Скрипнула дверь. На пороге стоял Кащеев, Феодоры рядом с ним было не видно.
— Лебовский, я задам тебе только один вопрос… — начал Ярослав Львович. Лицо его было недобрым, голос звучал угрожающе.
— Нет… Подождите… — я убрал руки от головы. — Я, кажется, начал понимать, что произошло…
— Тогда потрудитесь объясниться, потому что я склоняюсь к мысли, что господин Ларошев прав, и нам немедленно нужно отправиться к ректору, — мрачно проговорил Кащеев.
— Где Феодора? — спросил я.
— Не твое дело, Лебовский, — сказал Кащеев. — Я все еще жду твоих объяснений.
— Хорошо… Я попробую… — я шумно выдохнул и снова потер пальцами виски. — Не знаю, как это прозвучит, но…

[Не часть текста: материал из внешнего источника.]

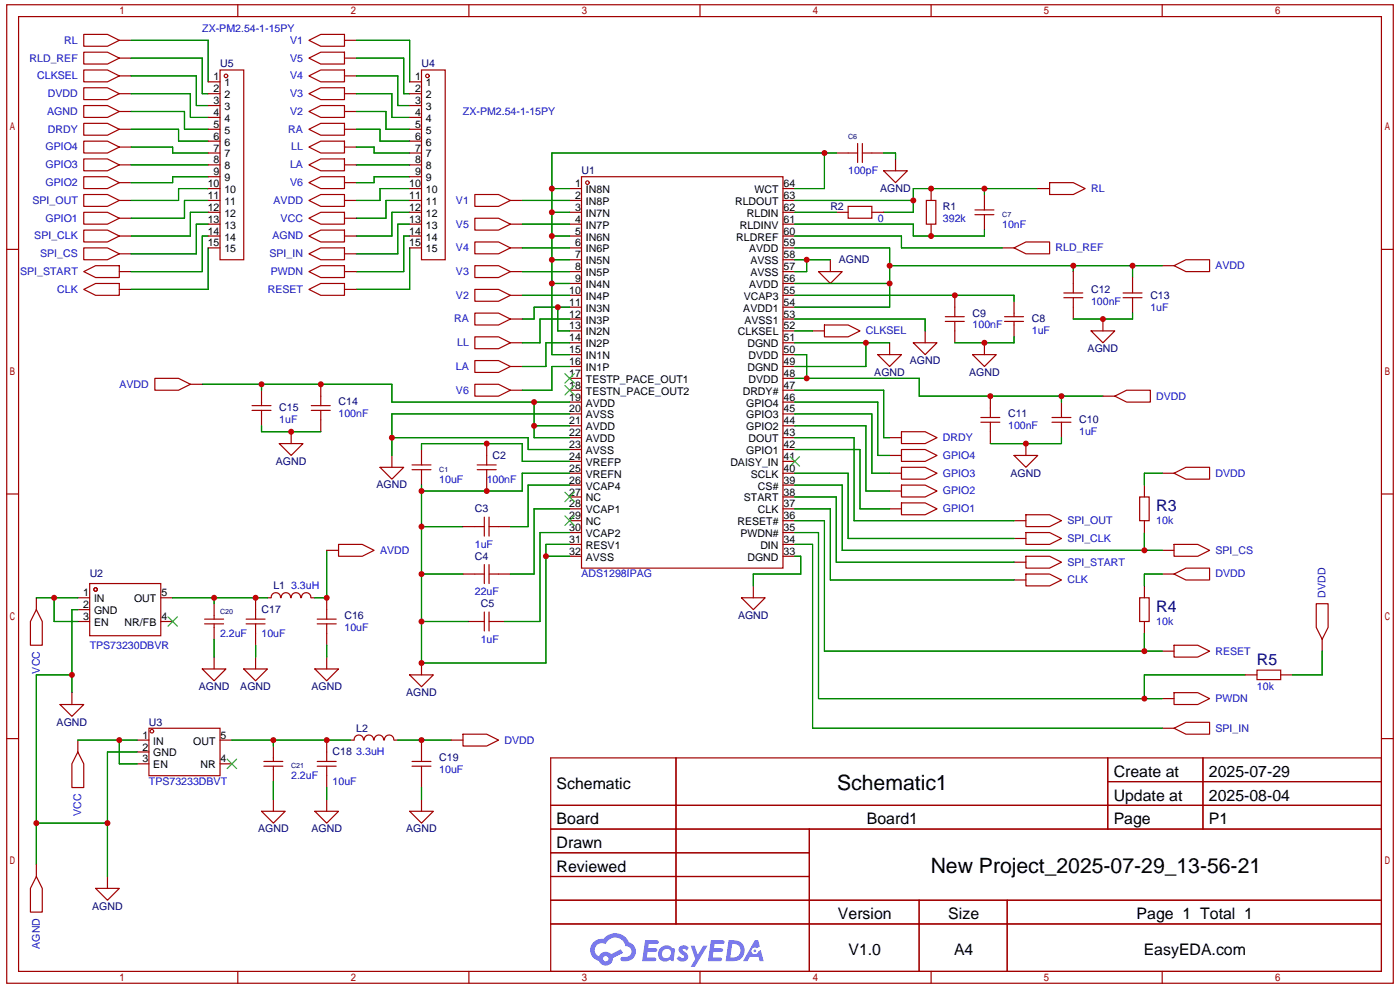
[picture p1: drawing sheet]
<svg xmlns="http://www.w3.org/2000/svg" width="297mm" height="210mm" viewBox="0 0 297 210" stroke-linecap="round" stroke-linejoin="round" font-family="sans-serif">
<g fill="none" stroke="#a10000" stroke-width=".25">
<path d="M1.4 1h294.4v207.5h-294.4zM3.9 3.5h289.3v202.5h-289.3zM50.5 1v2.5M99.5 1v2.5M148.6 1v2.5M197.6 1v2.5M246.7 1v2.5M1.4 52.9h2.5M293.2 52.9h2.6M1.4 104.8h2.5M293.2 104.8h2.6M1.4 156.7h2.5"/>
<path d="M293.2 156.7h2.6M116.9 160.7h176.3v45.3h-176.3zM116.9 170.8h176.3M116.9 175.8h176.3M143.5 160.7v35.3M171.8 175.8v30.2M235.1 160.7v15.1M235.1 165.8h58.1M255.4 160.7v15.1M116.9 180.9h54.9M116.9 190.9h176.3M116.9 185.9h54.9"/>
<path d="M116.9 196h176.3M195.1 190.9v15.1M213.8 190.9v15.1M50.5 206v2.5M99.5 206v2.5M148.6 206v2.5M197.6 206v2.5M246.7 206v2.5"/>
</g>
<g fill="#5487ff">
<path d="M144.4 200.8a1.29 1.29 0 0 1 1.8 .2l-.4 .7a.54 .54 0 0 0-.9-.3l.1 .2a1.27 1.27 0 0 1 .8 2 1.52 1.52 0 0 1-2.2-.3l.5-.6 .8 .5a.31 .31 0 0 0 .4-.3 .31 .31 0 0 0-.3-.3 1.11 1.11 0 0 1-.6-1.8z"/>
<path d="M146.6 200.6h.8l.7 1.9 1.2-1.9h.9l-2.7 4.5h-.9l1-1.7z"/>
<path d="M136.9 199.4h1.7a1.29 1.29 0 0 1 1.2 .2 .39 .39 0 0 1-.4 .6h-1.7l-.1 .9h1.6a.39 .39 0 0 1 .3 .5 .39 .39 0 0 1-.4 .3h-1.6l-.2 1.2h1.3a.45 .45 0 0 1 .5 .1 .45 .45 0 0 1 .2 .5l-.4 .2h-2.6z"/>
<path d="M150.9 199.4h1.6a1.31 1.31 0 0 1 1.3 .2 .39 .39 0 0 1-.4 .6h-1.7l-.2 .9h1.7a.39 .39 0 0 1 .3 .5 .39 .39 0 0 1-.4 .3h-1.7l-.1 1.2h1.3a.45 .45 0 0 1 .5 .1 .45 .45 0 0 1 .1 .5l-.3 .2h-2.6z"/>
<path d="M160.2 199.4h.7l.4 1.4-.6 .3a.75 .75 0 0 0-1.1 .3 .75 .75 0 0 0 .4 1 .75 .75 0 0 0 1-.6l.5-.3 .6 2.4h-.8l-.3-1h-1.8l-.5 1h-1z"/>
<path d="M154.7 199.4l-.7 4.5h1.5a2.25 2.25 0 0 0 2.6-2.3 2.25 2.25 0 0 0-2.7-2.2zM155.4 200.2a1.49 1.49 0 0 1 1.8 1.5 1.49 1.49 0 0 1-1.9 1.4h-.3z"/>
<path d="M140.1 201.2a1.57 1.57 0 0 0-.1 2.2 1.57 1.57 0 0 0 2.2 .1l.8 .4 .3-2.5-.2-.3h-.4a1.58 1.58 0 0 0-2.6 .1zM140.8 201.6a.97 .97 0 0 1 1.6 .4 .97 .97 0 0 1-1 1.2 .93 .93 0 0 1-.9-.6 .93 .93 0 0 1 .3-1z"/>
<path d="M126 199.8a2.34 2.34 0 0 0 1.1 4 1.53 1.53 0 0 0 1.8 1 1.53 1.53 0 0 0 1.2-1.6l2.1-1.1-.4-.8-2.1 1.1a1.56 1.56 0 0 0-2.6 .4 1.48 1.48 0 0 1-.7-2 1.48 1.48 0 0 1 2.2-.5 2.21 2.21 0 0 1 2.2-1.4 2.21 2.21 0 0 1 2 1.8 1.15 1.15 0 0 1 1.2 1 1.15 1.15 0 0 1-1 1.3h-.7a.46 .46 0 0 0-.6 .3 .46 .46 0 0 0 .4 .6 2.15 2.15 0 0 0 2.5-1 2.15 2.15 0 0 0-.3-2.6l-.8-.4a3.2 3.2 0 0 0-5.4-.8l-1.1 .1zM128 203.3a.6 .6 0 0 1 1.2 0 .6 .6 0 0 1-1.2 0z"/>
<circle cx="160.2" cy="201.7" r=".28"/>
</g>
<g fill="none" stroke="#a10000" stroke-width=".25">
<path d="M17.8 18.6h5l2.5 1.3-2.5 1.2h-5zM17.8 14.8h5l2.5 1.3-2.5 1.3h-5zM17.8 11.1h5l2.5 1.2-2.5 1.3h-5zM17.8 7.3h5l2.5 1.3-2.5 1.2h-5zM25.3 8.6h2.5M25.3 12.3h2.5M25.3 16.1h2.5M25.3 19.9h2.5M44.2 19.9h2.5M44.2 17.4h2.5M46.7 14.8h5v40.3h-5zM65.6 8.6l2.5-1.3h5v2.5h-5z"/>
<path d="M65.6 12.3l2.5-1.2h5v2.5h-5zM65.6 16.1l2.5-1.3h5v2.6h-5zM65.6 19.9l2.5-1.3h5v2.5h-5zM73.1 8.6h2.5M73.1 12.3h2.5M73.1 16.1h2.5M73.1 19.9h2.5M87 19.9h2.5M87 17.4h2.5M89.5 14.8h5v40.3h-5zM17.8 37.5h5l2.5 1.2-2.5 1.3h-5zM17.8 33.7h5l2.5 1.3-2.5 1.2h-5z"/>
<path d="M17.8 29.9h5l2.5 1.3-2.5 1.3h-5zM17.8 26.2h5l2.5 1.2-2.5 1.3h-5zM17.8 22.4h5l2.5 1.2-2.5 1.3h-5zM25.3 23.6h2.5M25.3 27.4h2.5M25.3 31.2h2.5M25.3 38.7h2.5M25.3 35h2.5M44.2 40h2.5M44.2 32.5h2.5M44.2 27.4h2.5M44.2 35h2.5"/>
<path d="M44.2 22.4h2.5M44.2 24.9h2.5M44.2 29.9h2.5M44.2 37.5h2.5M65.6 23.6l2.5-1.2h5v2.5h-5zM65.6 27.4l2.5-1.2h5v2.5h-5zM65.6 31.2l2.5-1.3h5v2.6h-5zM65.6 38.7l2.5-1.2h5v2.5h-5zM65.6 35l2.5-1.3h5v2.5h-5zM73.1 23.6h2.5M73.1 27.4h2.5M73.1 31.2h2.5"/>
<path d="M73.1 38.7h2.5M73.1 35h2.5M87 40h2.5M87 32.5h2.5M87 27.4h2.5M87 35h2.5M87 22.4h2.5M87 24.9h2.5M87 29.9h2.5M87 37.5h2.5M120.9 40h2.5M123.4 37.5h42.8v83h-42.8z"/>
<path d="M166.2 40h2.5M177.5 32.5h4.5M182 30.4v4.1M183.1 32.5h4.5M183.1 30.4v4.1M187.6 36.2h5l-2.5 2.5zM190.1 33.7v2.5M197.6 40v2.5M220.3 40h2.5M222.8 38.7h5l2.5 1.3-2.5 1.3h-5zM17.8 57.6l2.5-1.3h5v2.6h-5zM17.8 52.6h5l2.5 1.2-2.5 1.3h-5z"/>
<path d="M17.8 48.8h5l2.5 1.3-2.5 1.2h-5zM17.8 45h5l2.5 1.3-2.5 1.2h-5zM17.8 41.3h5l2.5 1.2-2.5 1.3h-5zM25.3 42.5h2.5M25.3 50.1h2.5M25.3 57.6h2.5M25.3 53.8h2.5M25.3 46.3h2.5M44.2 42.5h2.5M44.2 45h2.5M44.2 47.5h2.5M44.2 50.1h2.5"/>
<path d="M44.2 52.6h2.5M65.6 42.5l2.5-1.2h5v2.5h-5zM65.6 57.6l2.5-1.3h5v2.6h-5zM65.6 53.8l2.5-1.2h5v2.5h-5zM65.6 50.1l2.5-1.3h5v2.5h-5zM65.6 46.3l2.5-1.3h5v2.5h-5zM73.1 42.5h2.5M73.1 50.1h2.5M73.1 57.6h2.5M73.1 53.8h2.5M73.1 46.3h2.5M87 42.5h2.5"/>
<path d="M87 45h2.5M87 47.5h2.5M87 50.1h2.5M87 52.6h2.5M100.8 41.3h5l2.5 1.2-2.5 1.3h-5zM100.8 46.3h5l2.5 1.2-2.5 1.3h-5zM100.8 51.3h5l2.5 1.3-2.5 1.2h-5zM100.8 56.3h5l2.5 1.3-2.5 1.3h-5zM108.3 42.5h2.6M108.3 47.5h2.6M108.3 52.6h2.6M108.3 57.6h2.6"/>
<path d="M120.9 42.5h2.5M120.9 45h2.5M120.9 47.5h2.5M120.9 50.1h2.5M120.9 52.6h2.5M120.9 55.1h2.5M120.9 57.6h2.5M166.2 42.5h2.5M166.2 45h2.5M166.2 47.5h2.5M166.2 50.1h2.5M166.2 52.6h2.5"/>
<path d="M166.2 55.1h2.5M166.2 57.6h2.5M173.7 57.6h5.1l-2.5 2.5zM176.3 55.1v2.5M177.5 45h2.5M180 43.8h5.1v2.5h-5.1zM185.1 45h2.5M196.6 42.5h2.1v5h-2.1zM197.6 47.5v2.6M207 45.5h4M207 44.5h4M209 41.3v3.2"/>
<path d="M209 45.5v3.3M212.7 52.6h2.6M215.3 52.6l2.5-1.3h5v2.5h-5zM227.8 57.6v4.5M240.4 58.9v3.2M246.7 56.3h2.5M249.2 56.3l2.5-1.2h5.1v2.5h-5.1zM17.8 61.4l2.5-1.3h5v2.5h-5zM25.3 61.4h2.5M65.6 61.4l2.5-1.3h5v2.5h-5zM73.1 61.4h2.5M100.8 61.4h5l2.5 1.2-2.5 1.3h-5z"/>
<path d="M100.8 66.4h5l2.5 1.3-2.5 1.2h-5zM100.8 71.4h5l2.5 1.3-2.5 1.3h-5zM100.8 76.5h5l2.5 1.2-2.5 1.3h-5zM108.3 62.6h2.6M108.3 67.7h2.6M108.3 72.7h2.6M108.3 77.7h2.6M120.9 60.1h2.5M120.9 62.6h2.5M120.9 65.2h2.5M120.9 67.7h2.5M120.9 70.2h2.5"/>
<path d="M120.9 72.7h2.5M120.9 75.2h2.5M120.9 77.7h2.5M166.2 60.1h2.5M166.2 62.6h2.5M166.2 65.2h2.5M166.2 67.7h2.5M166.2 70.2h2.5M166.2 72.7h2.5M166.2 75.2h2.5M166.2 77.7h2.5M172.5 70.2h2.5"/>
<path d="M175 68.9h5l2.6 1.3-2.6 1.2h-5zM186.3 75.2h5.1l-2.6 2.5zM188.8 72.7v2.5M193.9 72.7h5l-2.5 2.5zM196.4 70.2v2.5M200.7 68.2h4M200.7 67.2h4M202.7 62.6v4.6M202.7 68.2v4.5M206.4 75.2h5.1l-2.5 2.5zM209 72.7v2.5M213.2 68.2h4.1"/>
<path d="M213.2 67.2h4.1M215.3 63.9v3.3M215.3 68.2v3.2M225.8 63.1h4M225.8 62.1h4M227.8 63.1v4.6M231.6 70.2h5l-2.5 2.5zM234.1 67.7v2.5M238.4 63.1h4M238.4 62.1h4M240.4 63.1v3.3M32.9 80.2h5l2.5 1.3-2.5 1.3h-5z"/>
<path d="M40.4 81.5h2.5M53.5 87h4M53.5 86h4M55.5 82.8v3.2M55.5 87v3.3M59.3 94.1h5l-2.5 2.5zM61.8 91.6v2.5M66.1 87h4M66.1 86h4M68.1 81.5v4.5M68.1 87v4.6M80.7 99.1h5l-2.5 2.5z"/>
<path d="M83.2 96.6v2.5M87.5 99.6h4M87.5 98.6h4M89.5 95.3v3.3M89.5 99.6v3.3M100.8 81.5h5l2.5 1.3-2.5 1.2h-5zM101.3 99.6h4M101.3 98.6h4M103.3 94.1v4.5M103.3 99.6v4.5M108.3 82.8h2.6M120.9 80.2h2.5"/>
<path d="M120.9 82.8h2.5M120.9 85.3h2.5M120.9 87.8h2.5M120.9 90.3h2.5M120.9 92.8h2.5M120.9 95.3h2.5M120.9 97.9h2.5M166.2 80.2h2.5M166.2 82.8h2.5M166.2 85.3h2.5M166.2 87.8h2.5M166.2 90.3h2.5"/>
<path d="M166.2 92.8h2.5M166.2 95.3h2.5M166.2 97.9h2.5M188.8 92.8h2.6M188.8 96.6h2.6M191.4 91.6h5l2.5 1.2-2.5 1.3h-5zM191.4 95.3h5l2.5 1.3-2.5 1.3h-5zM191.4 99.1h5l2.5 1.3-2.5 1.2h-5zM208.2 89.6h4M208.2 88.5h4M210.2 84v4.5M210.2 89.6v4.5"/>
<path d="M215.3 96.6h5l-2.5 2.5zM217.8 94.1v2.5M223.3 89.6h4M223.3 88.5h4M225.3 85.3v3.2M225.3 89.6v3.2M234.1 84h2.5M236.6 84l2.6-1.2h5v2.5h-5zM69.3 116.7h2.6M71.9 115.5h5l2.5 1.2-2.5 1.3h-5zM98.3 111.7h4.5M102.8 109.7v4"/>
<path d="M102.8 119.7v4.1M103.8 109.7v4M103.8 119.7v4.1M103.8 111.7h4.5M120.9 100.4h2.5M120.9 102.9h2.5M120.9 105.4h2.5M120.9 107.9h2.5M120.9 110.4h2.5M120.9 113h2.5M120.9 115.5h2.5M120.9 118h2.5"/>
<path d="M166.2 100.4h2.5M166.2 102.9h2.5M166.2 105.4h2.5M166.2 107.9h2.5M166.2 110.4h2.5M166.2 113h2.5M166.2 115.5h2.5M166.2 118h2.5M188.8 100.4h2.6M188.8 107.9h2.6M188.8 104.1h2.6M191.4 102.9h5l2.5 1.2-2.5 1.3h-5z"/>
<path d="M191.4 106.7h5l2.5 1.2-2.5 1.3h-5zM215.3 110.4h2.5M215.3 114.2h2.5M215.3 119.2h2.5M217.8 109.2h5l2.5 1.2-2.5 1.3h-5zM217.8 113h5l2.5 1.2-2.5 1.3h-5zM217.8 118h5l2.5 1.2-2.5 1.3h-5zM241.9 105.4h2v5h-2zM242.9 102.9v2.5M242.9 110.4v2.6M246.7 100.4h2.5M246.7 116.7h2.5"/>
<path d="M249.2 115.5h5l2.6 1.2-2.6 1.3h-5zM249.2 100.4l2.5-1.3h5.1v2.5h-5.1zM7.7 129.3l1.3 2.5v5h-2.5v-5zM7.7 126.8v2.5M16.5 131.8h2.5M16.5 126.8h2.5M16.5 129.3h2.5M19 123.8h15.1v11h-15.1zM34.1 131.8h2.5M34.1 126.8h2.5M43.4 132.3h4.1M43.4 131.3h4.1"/>
<path d="M45.5 128v3.3M45.5 132.3v3.3M45.5 139.4v2.5M52.2 132.3h4.1M52.2 131.3h4.1M54.3 126.8v4.5M54.3 132.3v4.5M54.3 139.4v2.5M56.8 126.8h.7M57.6 126.8a1 1 0 0 1 1-1.1 1 1 0 0 1 1 1.1M59.7 126.8a1 1 0 0 1 1-1.1 1 1 0 0 1 1 1.1M61.8 126.8a1 1 0 0 1 1-1.1 1 1 0 0 1 1 1.1"/>
<path d="M64 126.8a1 1 0 0 1 1-1.1 1 1 0 0 1 1 1.1M66.1 126.8h.7M67.3 132.3h4.1M67.3 131.3h4.1M69.3 126.8v4.5M69.3 132.3v4.5M69.3 139.4v2.5M98.3 121.8h4.5M99.5 131.8h3.3M102.8 129.8v4M103.8 129.8v4M103.8 121.8h4.5"/>
<path d="M103.8 131.8h3.3M157.4 126.8h5l-2.5 2.5zM159.9 124.3v2.5M215.3 123h2.5M217.8 121.8h5l2.5 1.2-2.5 1.3h-5zM241.9 126.8h2v5h-2zM242.9 124.3v2.5M242.9 131.8v2.5M246.7 121.8h2.5M246.7 138.1h2.5M249.2 136.8h5l2.6 1.3-2.6 1.3h-5zM249.2 121.8l2.5-1.3h5.1v2.5h-5.1z"/>
<path d="M279.4 128h2.5v5.1l-1.2 2.5-1.3-2.5zM280.7 135.6v2.5M12.7 149.4h5.1l-2.5 2.5zM15.3 146.9v2.5M16.5 159.5l1.3 2.5v5h-2.5v-5zM16.5 157v2.5M29.1 157h2.5M29.1 159.5h2.5M31.6 154.5h15.1v10h-15.1zM42.9 141.9h5.1l-2.5 2.5zM46.7 157h2.5M51.7 141.9h5.1l-2.5 2.5z"/>
<path d="M58 158.2v3.3M66.8 141.9h5.1l-2.6 2.5zM69.3 157v4.5M77.2 157a1 1 0 0 0-1-1.1 1 1 0 0 0-1 1.1h-.8M77.3 157a1 1 0 0 1 1-1.1 1 1 0 0 1 1 1.1M79.4 157a1 1 0 0 1 1-1.1 1 1 0 0 1 1 1.1M81.6 157a1 1 0 0 1 1-1.1 1 1 0 0 1 1 1.1M83.7 157h.7M87 143.1h5l-2.5 2.6zM89.5 140.6v2.5M89.5 157v4.5M95.8 157h2.5"/>
<path d="M98.3 155.7h5l2.5 1.3-2.5 1.2h-5zM246.7 148.2h2.5M246.7 154.5h2.5M249.2 146.9h5l2.6 1.3-2.6 1.2h-5zM249.2 154.5l2.5-1.3h5.1v2.5h-5.1zM264.3 143.1h2.5M266.8 142.1h5.1v2h-5.1zM271.9 143.1h2.5M29.1 162h2.5M46.7 162h2.5M55.5 172.1h5l-2.5 2.5zM56 162.5h4"/>
<path d="M56 161.5h4M58 162.5v3.3M58 169.6v2.5M66.8 172.1h5.1l-2.6 2.5zM67.3 162.5h4.1M67.3 161.5h4.1M69.3 162.5v4.5M69.3 169.6v2.5M87 172.1h5l-2.5 2.5zM87.5 162.5h4M87.5 161.5h4M89.5 162.5v4.5"/>
<path d="M89.5 169.6v2.5M7.7 185.9l1.3 2.5v5.1h-2.5v-5.1zM7.7 183.4v2.5M20.3 188.4h5l-2.5 2.5zM22.8 185.9v2.5"/>
<circle cx="48" cy="16.1" r=".38"/>
<circle cx="90.7" cy="16.1" r=".38"/>
<circle cx="124.7" cy="38.7" r=".38"/>
<circle cx="20.3" cy="125" r=".38"/>
<circle cx="32.2" cy="155.1" r=".38"/>
</g>
<g fill="none" stroke="#3c3" stroke-width=".25">
<path d="M119.9 79.2l2 2.1M121.9 79.2l-2 2.1M119.9 81.8l2 2M121.9 81.8l-2 2M167.7 96.9l2 2M169.7 96.9l-2 2M119.9 109.4l2 2M119.9 104.4l2 2M121.9 109.4l-2 2M121.9 104.4l-2 2M35.6 130.8l2.1 2M37.7 130.8l-2.1 2"/>
<path d="M48.2 161l2 2M50.2 161l-2 2"/>
</g>
<g fill="none" stroke="#008700" stroke-width=".25">
<path d="M27.8 8.6h16.4v8.8M27.8 19.9h12.6v5h3.8M27.8 12.3h15.1v7.6h1.3M27.8 16.1h13.9v6.3h2.5M75.6 19.9h7.6v5h3.8M75.6 8.6h11.4v8.8M75.6 12.3h10.1v7.6h1.3M75.6 16.1h8.8v6.3h2.6M27.8 31.2h8.8v1.3h7.6M27.8 27.4h10.1v2.5h6.3M27.8 23.6h11.4v3.8h5M27.8 35h16.4"/>
<path d="M44.2 40h-6.3v2.5h-10.1M44.2 37.5h-7.6v1.2h-8.8M75.6 31.2h3.8v1.3h7.6M75.6 27.4h5.1v2.5h6.3M75.6 23.6h6.3v3.8h5.1M75.6 35h11.4M87 40h-6.3v2.5h-5.1M87 37.5h-7.6v1.2h-3.8M117.1 40h3.8M175 32.5v7.5h-6.3M177.5 32.5h-60.4v42.7h3.8M187.6 32.5h2.5v1.2"/>
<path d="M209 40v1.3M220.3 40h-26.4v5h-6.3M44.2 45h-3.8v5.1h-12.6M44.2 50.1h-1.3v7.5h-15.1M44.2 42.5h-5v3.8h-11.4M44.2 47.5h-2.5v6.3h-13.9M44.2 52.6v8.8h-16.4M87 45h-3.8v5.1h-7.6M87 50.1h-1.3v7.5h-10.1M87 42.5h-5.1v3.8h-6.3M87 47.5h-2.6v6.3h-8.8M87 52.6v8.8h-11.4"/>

Я рассказал ему про отражение, про дикую оргию в мызе мародеров. Про сон с участием Феодоры. Про разбудившего меня Витька.
— Я понимаю, что это сейчас звучит как-то неправдоподобно, — закончил я. — Но, боюсь, мне больше нечего пока рассказать…
— Сейчас я позову сюда Феодору, и ты повторишь свой рассказ слово в слово, Лебовский, — сказал Кащеев. Выражение его лица я не смог интерпретировать. Но, кажется, сдерживаемый гнев, с которым он вошел в палату, его покинул. Он вышел за дверь, и меньше, чем через минуту втолкнул в комнату Феодору. Ее лицо снова было опухшим от слез.
— Ну? — сказал он и посмотрел на меня. Я послушно повторил свой рассказ. Тот посмотрел на Феодору. — Что думаешь, милая?
— Доппельгангер? — сказала она. — Но я думала, что это бабкины сказки…
— Доппельгангер? — переспросил я. — Что это? Злой двойник? Типа мистера Хайда?
— Увы, не сказки, — сказал Ярослав Львович и придвинул к моей кровати стул. — Только с основания университета описано по меньшей мере три таких случая. И еще насчет двух были подозрения.
— Светлана Корнеева, в тридцать втором, Мирослав Бедный, в семьдесят четвертом и Валерий Крафт в девяностом, — перечислил Ларошев. — Темный двойник Светланы успел погубить сорок два человека. Остальных остановили быстрее.
— Но я… никого не убивал… кажется… — сказал я.
— Это пока, — хмыкнул Ярослав Львович. — С каждым появлением твоему двойнику будет требоваться все большая мерзость.
Все замолчали и уставились в разные точки, избегая смотреть на меня. Ларошев сверлил глазами пол. Кащеев смотрел в стену. Феодора разглядывала свои руки. Лизонька снова взяла меня за руку. Мне совсем не понравилось повисшее в комнате настроение.
— Что такое? — спросил я.
— Видишь ли, Лебовский… — начал Ярослав Львович.
— Все прежние случаи заканчивались смертью оригинала, — быстро сказал Ларошев. — Теоретический способ остановить доппельгангера есть, но на практике никому так и не удалось его воспроизвести.
Никто не успел мне ответить, потому что в коридоре раздался торопливый стук каблуков. Дверь в палату распахнулась. На пороге стояла Соловейка, глаза ее почти в буквальном смысле метали молнии.
— Я так и знала! — ее кукольный голос подрагивал от гнева. — Лебовский, что именно в моих распоряжениях показалось тебе недостойной внимания шуткой?!
— Сольвейг Павловна, я же почти все сделал… — пробормотал я.